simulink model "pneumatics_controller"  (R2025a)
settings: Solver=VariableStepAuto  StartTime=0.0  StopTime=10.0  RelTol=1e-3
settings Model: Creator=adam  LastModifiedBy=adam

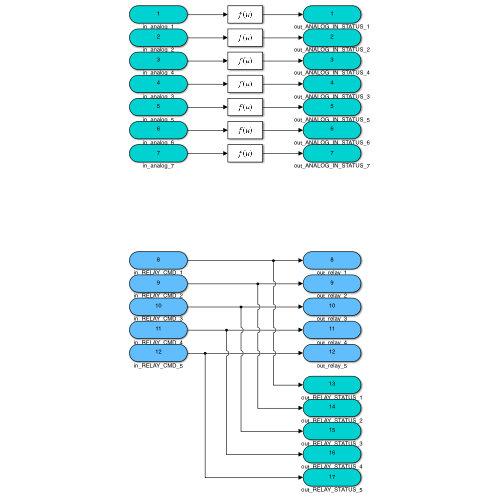
[thumbnail: Simulink's stored preview of the top-level diagram]
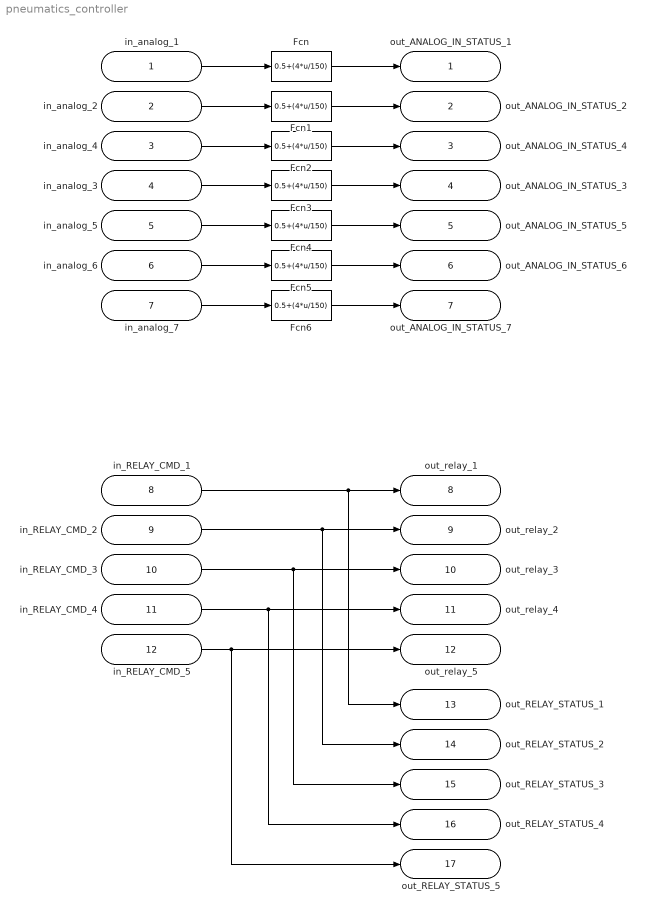
== system pneumatics_controller ==
  in_analog_1 : Inport
  in_analog_2 : Inport  Port=2
  in_analog_4 : Inport  Port=3
  in_analog_3 : Inport  Port=4
  in_analog_5 : Inport  Port=5
  in_analog_6 : Inport  Port=6
  in_analog_7 : Inport  Port=7
  in_RELAY_CMD_1 : Inport  Port=8
  in_RELAY_CMD_2 : Inport  Port=9
  in_RELAY_CMD_3 : Inport  Port=10
  in_RELAY_CMD_4 : Inport  Port=11
  in_RELAY_CMD_5 : Inport  Port=12
  Fcn{,1..6} (7 alike) : Fcn  Expr=0.5+(4*u/150)
  out_ANALOG_IN_STATUS_1 : Outport
  out_ANALOG_IN_STATUS_2 : Outport  Port=2
  out_ANALOG_IN_STATUS_4 : Outport  Port=3
  out_ANALOG_IN_STATUS_3 : Outport  Port=4
  out_ANALOG_IN_STATUS_5 : Outport  Port=5
  out_ANALOG_IN_STATUS_6 : Outport  Port=6
  out_ANALOG_IN_STATUS_7 : Outport  Port=7
  out_relay_1 : Outport  Port=8
  out_relay_2 : Outport  Port=9
  out_relay_3 : Outport  Port=10
  out_relay_4 : Outport  Port=11
  out_relay_5 : Outport  Port=12
  out_RELAY_STATUS_1 : Outport  Port=13
  out_RELAY_STATUS_2 : Outport  Port=14
  out_RELAY_STATUS_3 : Outport  Port=15
  out_RELAY_STATUS_4 : Outport  Port=16
  out_RELAY_STATUS_5 : Outport  Port=17
  wires:
  in_analog_1/1 -> Fcn/1
  in_analog_2/1 -> Fcn1/1
  in_analog_3/1 -> Fcn3/1
  in_analog_4/1 -> Fcn2/1
  in_analog_5/1 -> Fcn4/1
  in_analog_6/1 -> Fcn5/1
  in_analog_7/1 -> Fcn6/1
  in_RELAY_CMD_3/1 -> out_RELAY_STATUS_3/1, out_relay_3/1
  in_RELAY_CMD_1/1 -> out_RELAY_STATUS_1/1, out_relay_1/1
  in_RELAY_CMD_4/1 -> out_RELAY_STATUS_4/1, out_relay_4/1
  in_RELAY_CMD_5/1 -> out_RELAY_STATUS_5/1, out_relay_5/1
  in_RELAY_CMD_2/1 -> out_RELAY_STATUS_2/1, out_relay_2/1
  Fcn/1 -> out_ANALOG_IN_STATUS_1/1
  Fcn1/1 -> out_ANALOG_IN_STATUS_2/1
  Fcn2/1 -> out_ANALOG_IN_STATUS_4/1
  Fcn3/1 -> out_ANALOG_IN_STATUS_3/1
  Fcn5/1 -> out_ANALOG_IN_STATUS_6/1
  Fcn4/1 -> out_ANALOG_IN_STATUS_5/1
  Fcn6/1 -> out_ANALOG_IN_STATUS_7/1
__________
WHAT NEEDS TO BE DONE:
In the records above, find the line containing "[thumbnail: Simulink's stored" and the line containing "in_analog_3/1 -> Fcn3/1", then give both of them again word for word along with every line between. Omit any pictures.

EXERCISE OUTPUT:
[thumbnail: Simulink's stored preview of the top-level diagram]
== system pneumatics_controller ==
  in_analog_1 : Inport
  in_analog_2 : Inport  Port=2
  in_analog_4 : Inport  Port=3
  in_analog_3 : Inport  Port=4
  in_analog_5 : Inport  Port=5
  in_analog_6 : Inport  Port=6
  in_analog_7 : Inport  Port=7
  in_RELAY_CMD_1 : Inport  Port=8
  in_RELAY_CMD_2 : Inport  Port=9
  in_RELAY_CMD_3 : Inport  Port=10
  in_RELAY_CMD_4 : Inport  Port=11
  in_RELAY_CMD_5 : Inport  Port=12
  Fcn{,1..6} (7 alike) : Fcn  Expr=0.5+(4*u/150)
  out_ANALOG_IN_STATUS_1 : Outport
  out_ANALOG_IN_STATUS_2 : Outport  Port=2
  out_ANALOG_IN_STATUS_4 : Outport  Port=3
  out_ANALOG_IN_STATUS_3 : Outport  Port=4
  out_ANALOG_IN_STATUS_5 : Outport  Port=5
  out_ANALOG_IN_STATUS_6 : Outport  Port=6
  out_ANALOG_IN_STATUS_7 : Outport  Port=7
  out_relay_1 : Outport  Port=8
  out_relay_2 : Outport  Port=9
  out_relay_3 : Outport  Port=10
  out_relay_4 : Outport  Port=11
  out_relay_5 : Outport  Port=12
  out_RELAY_STATUS_1 : Outport  Port=13
  out_RELAY_STATUS_2 : Outport  Port=14
  out_RELAY_STATUS_3 : Outport  Port=15
  out_RELAY_STATUS_4 : Outport  Port=16
  out_RELAY_STATUS_5 : Outport  Port=17
  wires:
  in_analog_1/1 -> Fcn/1
  in_analog_2/1 -> Fcn1/1
  in_analog_3/1 -> Fcn3/1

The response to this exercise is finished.